Bem sei que é uma loja de livros. Comércio mais bonito não deve haver, bem sei. E se eu gosto de livrarias, de boas livrarias, onde me perco horas esquecidas. Mas é comércio, não esqueçam. E lembrem-se também que estou a articular esta actividade de negócio com uma atitude, por omissão, em relação a criadores de Literatura, de Arte que a livraria venderá...
Não é de ficar perplexo? Então, Sua Excelência, em data tão simbólica para o futuro da Europa, dá o flanco, através deste sinal tão comercial? Vendo bem as coisas, a perplexidade não é, mesmo nada, para aqui chamada. Sua Excelência, aliás, tem-nos habituado a bem mais nefastas atitudes como, por exemplo, a de ter patrocinado o fim da Festa da Música no CCB. Mas, respondam-me com toda a franqueza se, das bandas da Ajuda, estavam à espera de algo, mais substancialmente cultural...

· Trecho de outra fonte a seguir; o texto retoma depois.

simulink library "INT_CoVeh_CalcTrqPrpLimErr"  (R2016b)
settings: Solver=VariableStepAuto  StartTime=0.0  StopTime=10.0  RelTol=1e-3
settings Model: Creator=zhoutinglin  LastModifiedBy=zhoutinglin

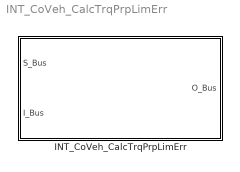
== system INT_CoVeh_CalcTrqPrpLimErr ==
  INT_CoVeh_CalcTrqPrpLimErr : Subsystem

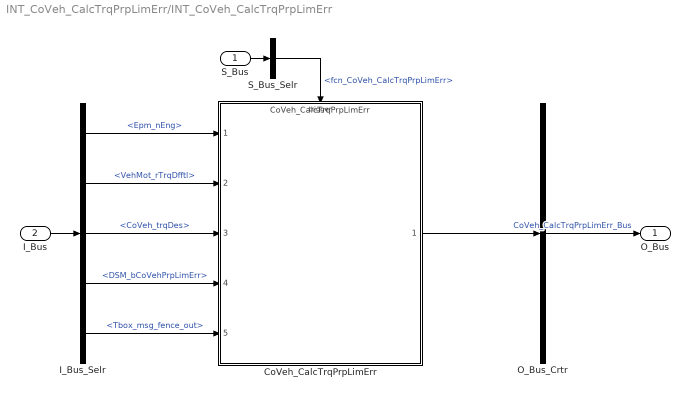
== system INT_CoVeh_CalcTrqPrpLimErr/INT_CoVeh_CalcTrqPrpLimErr ==
  S_Bus : Inport
  I_Bus : Inport  Port=2
  CoVeh_CalcTrqPrpLimErr : ModelReference  ModelNameDialog=CoVeh_CalcTrqPrpLimErr  SimulationMode=Normal  ModelReferenceVersion=1.27  TriggerPortName=function  TriggerPortTriggerType=function-call  TriggerPortStatesWhenEnabling=held
  I_Bus_Selr : BusSelector  OutputSignals=Epm_nEng,VehMot_rTrqDfftl,CoVeh_trqDes,DSM_bCoVehPrpLimErr,Tbox_msg_fence_out
  O_Bus_Crtr : BusCreator  Inputs=1
  S_Bus_Selr : BusSelector  OutputSignals=fcn_CoVeh_CalcTrqPrpLimErr
  O_Bus : Outport
  wires:
  S_Bus_Selr/1 -> CoVeh_CalcTrqPrpLimErr/Trigger  "<fcn_CoVeh_CalcTrqPrpLimErr>"
  S_Bus/1 -> S_Bus_Selr/1
  I_Bus/1 -> I_Bus_Selr/1
  I_Bus_Selr/1 -> CoVeh_CalcTrqPrpLimErr/1  "<Epm_nEng>"
  I_Bus_Selr/2 -> CoVeh_CalcTrqPrpLimErr/2  "<VehMot_rTrqDfftl>"
  I_Bus_Selr/3 -> CoVeh_CalcTrqPrpLimErr/3  "<CoVeh_trqDes>"
  I_Bus_Selr/4 -> CoVeh_CalcTrqPrpLimErr/4  "<DSM_bCoVehPrpLimErr>"
  I_Bus_Selr/5 -> CoVeh_CalcTrqPrpLimErr/5  "<Tbox_msg_fence_out>"
  O_Bus_Crtr/1 -> O_Bus/1  "CoVeh_CalcTrqPrpLimErr_Bus"
  CoVeh_CalcTrqPrpLimErr/1 -> O_Bus_Crtr/1
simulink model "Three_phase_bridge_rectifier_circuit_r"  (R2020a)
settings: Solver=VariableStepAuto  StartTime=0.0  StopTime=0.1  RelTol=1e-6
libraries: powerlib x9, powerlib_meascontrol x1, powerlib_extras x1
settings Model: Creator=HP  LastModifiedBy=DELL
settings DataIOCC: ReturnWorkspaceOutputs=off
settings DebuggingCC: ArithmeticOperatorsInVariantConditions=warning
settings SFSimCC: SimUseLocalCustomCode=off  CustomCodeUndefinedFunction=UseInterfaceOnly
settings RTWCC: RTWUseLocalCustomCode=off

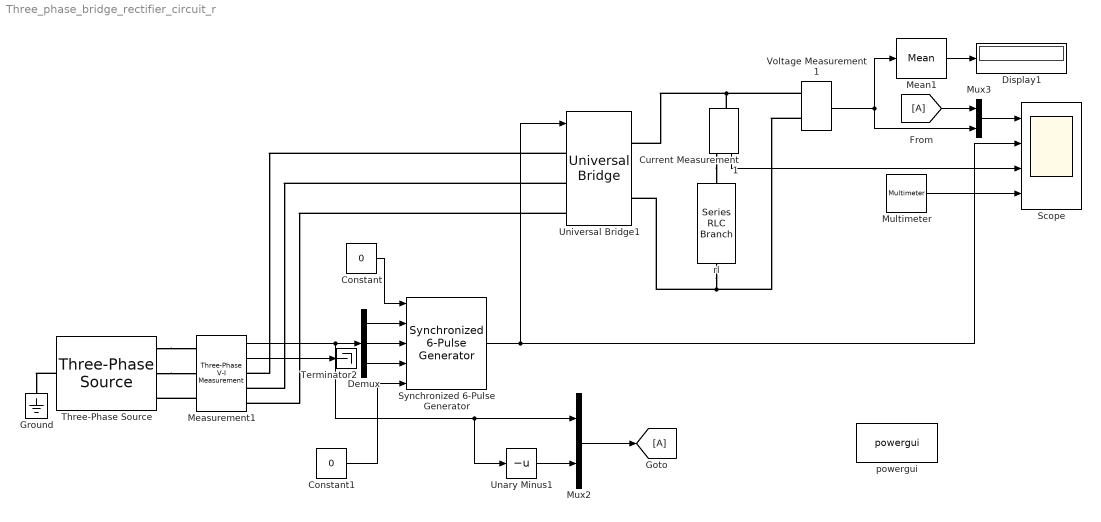
== system Three_phase_bridge_rectifier_circuit_r ==
  Constant : Constant  Value=0
  Constant1 : Constant  Value=0
  Current Measurement1 : powerlib/Measurements/Current Measurement  PhasorSimulation=off  OutputType=Complex  PSBequivalent=0
  Demux : Demux  Outputs=3
  Display1 : Display
  Ground : powerlib/Elements/Ground  LConnTagsString=a
  Mean1 : powerlib_meascontrol/Measurements/Mean  Freq=50  Vinit=0  Ts=0
  Measurement1 : powerlib/Measurements/Three-Phase V-I Measurement  VoltageMeasurement=phase-to-phase  SetLabelV=off  LabelV=Vabc  Vpu=off  VpuLL=off  CurrentMeasurement=yes  SetLabelI=off  LabelI=Iabc  Ipu=off  Pbase=100e6  Vbase=500e3  OutputType=Complex  PhasorSimulation=off  PSBequivalent=0
  Multimeter : powerlib/Measurements/Multimeter  PhasorSimulation=off  OutputType=Complex  sel=1  L=6  Gain=1  yselected={'Usw1: Universal Bridge1'};  PSBOutputType=1  PSBequivalent=0  AxesSetting=[0,0.1,-100,100]  Display=0  SavedBlockNames=-11
  Mux2 : Mux  Inputs=2
  Mux3 : Mux  Inputs=2
  Scope : Scope  NumInputPorts=4
  Synchronized 6-Pulse Generator : powerlib_extras/Control  Blocks/Synchronized 6-Pulse Generator  freq=50  pwidth=10  Double_Pulse=off
      settings: SourceProductBaseCode=PS
  Terminator2 : Terminator
  Three-Phase Source : powerlib/Electrical Sources/Three-Phase Source  InternalConnection=Yn  VoltagePhases=off  Voltage=100*sqrt(3/2)  PhaseAngle=0  Voltage_phases=[25e3 25e3 25e3]/sqrt(3)  PhaseAngles_phases=[0 -120 +120]  Frequency=50  NonIdealSource=on  SpecifyImpedance=off  Resistance=0  Inductance=0  ShortCircuitLevel=100e6  BaseVoltage=100*sqrt(3/2)  XRratio=7  BusType=swing  Pref=10e3  Qref=0  Prefabc=[10e3, 10e3, 10e3]  Qrefabc=[0, 0, 0]  Qmin=-inf  Qmax=inf
  Unary Minus1 : UnaryMinus
  Universal Bridge1 : powerlib/Power Electronics/Universal Bridge  Arms=3  SnubberResistance=1e5  SnubberCapacitance=inf  Device=Thyristors  Ron=1e-3  Lon=0  ForwardVoltages="[  0  0  ]"  ForwardVoltage=0  GTOparameters=[ 10e-6 , 20e-6 ]  IGBTparameters=[ 1e-6 , 2e-6 ]  Measurements=Device voltages  Measurements_2=None  converterType=Rectifier
  Voltage Measurement1 : powerlib/Measurements/Voltage Measurement  PhasorSimulation=off  OutputType=Complex  PSBequivalent=0
  powergui : powerlib/powergui  Priority=1  SimulationMode=Continuous  SampleTime=50e-6  frequency=60  Iterations=50  frequencyindice=50  Pbase=100e6  ErrMax=1e-4  UnitsV=kV  UnitsW=MW  buscounter=0  FunctionMessages=off  echomessages=off  EnableUseOfTLC=off  CurrentSourceSwitches=off  DisableSnubberDevices=off  DisableRonSwitches=off  DisableVfSwitches=off  DisplayEquations=off  AutomaticDiscreteSolvers=off  SolverType=Tustin/Backward Euler (TBE)  Interpol=off  ExternalGateDelay=off  methode=off  Ts=100  x0status=blocks  SPID=on  SwTol=0  HookPort=off  NonlinearTolerance=1e-4  nMaxIteration=100  ContinueOnMaxIteration=off  RestoreLinks=warning  ResistiveCurrentMeasurement=off  Frange=[0:2:500]  Ylog=off  Xlog=on  ShowGrid=off  save=off  variable=ZData  structure=0  ZoomFFT=off  StartTime=0.0  cycles=1  DisplayStyle=1  fundamental=60  FreqAxis=off  MaxFrequency=1000  frequencyindicesteady=1  RmsSteady=1  display=off
  rl : powerlib/Elements/Series RLC Branch  LConnTagsString=__new0  RConnTagsString=__new0  BranchType=R  Resistance=50  Inductance=30e-3  SetiL0=off  InitialCurrent=0  Capacitance=1e-6  Setx0=off  InitialVoltage=0  Measurements=None
  wires:
  Synchronized 6-Pulse Generator/1 -> Scope/2, Universal Bridge1/1
  Voltage Measurement1/1 -> Mean1/1, Mux3/2
  Mean1/1 -> Display1/1
  Mux2/1 -> [A]
  Constant1/1 -> Synchronized 6-Pulse Generator/5
  Constant/1 -> Synchronized 6-Pulse Generator/1
  Demux/1 -> Synchronized 6-Pulse Generator/2
  Demux/2 -> Synchronized 6-Pulse Generator/3
  Demux/3 -> Synchronized 6-Pulse Generator/4
  Measurement1/2 -> Terminator2/1
  Unary Minus1/1 -> Mux2/2
  Measurement1/1 -> Unary Minus1/1, Mux2/1, Demux/1
  Mux3/1 -> Scope/1
  Multimeter/1 -> Scope/4
  [A] -> Mux3/1
  Current Measurement1/1 -> Scope/3
  connections:
  Measurement1/LConn3 -- Three-Phase Source/RConn3
  Voltage Measurement1/LConn1 -- Current Measurement1/LConn1 -- Universal Bridge1/RConn1
  Three-Phase Source/RConn2 -- Measurement1/LConn2
  Three-Phase Source/RConn1 -- Measurement1/LConn1
  Universal Bridge1/RConn2 -- rl/LConn1 -- Voltage Measurement1/LConn2
  Current Measurement1/RConn1 -- rl/RConn1
  Universal Bridge1/LConn1 -- Measurement1/RConn1
  Universal Bridge1/LConn2 -- Measurement1/RConn2
  Universal Bridge1/LConn3 -- Measurement1/RConn3
  Three-Phase Source/LConn1 -- Ground/LConn1

quarta-feira, 12 de dezembro de 2007


O caso do pilar inestético


Há cerca de duas semanas, falava eu com uma técnica da Câmara Municipal de Sintra acerca da necessidade de dotar determinada via com dispositivos dissuasores do estacionamento de viaturas em cima dos passeios. Colocando a possibilidade de aplicar certo modelo de pilares metálicos, fui confrontado com a impossibilidade de concretização devido a questões de segurança.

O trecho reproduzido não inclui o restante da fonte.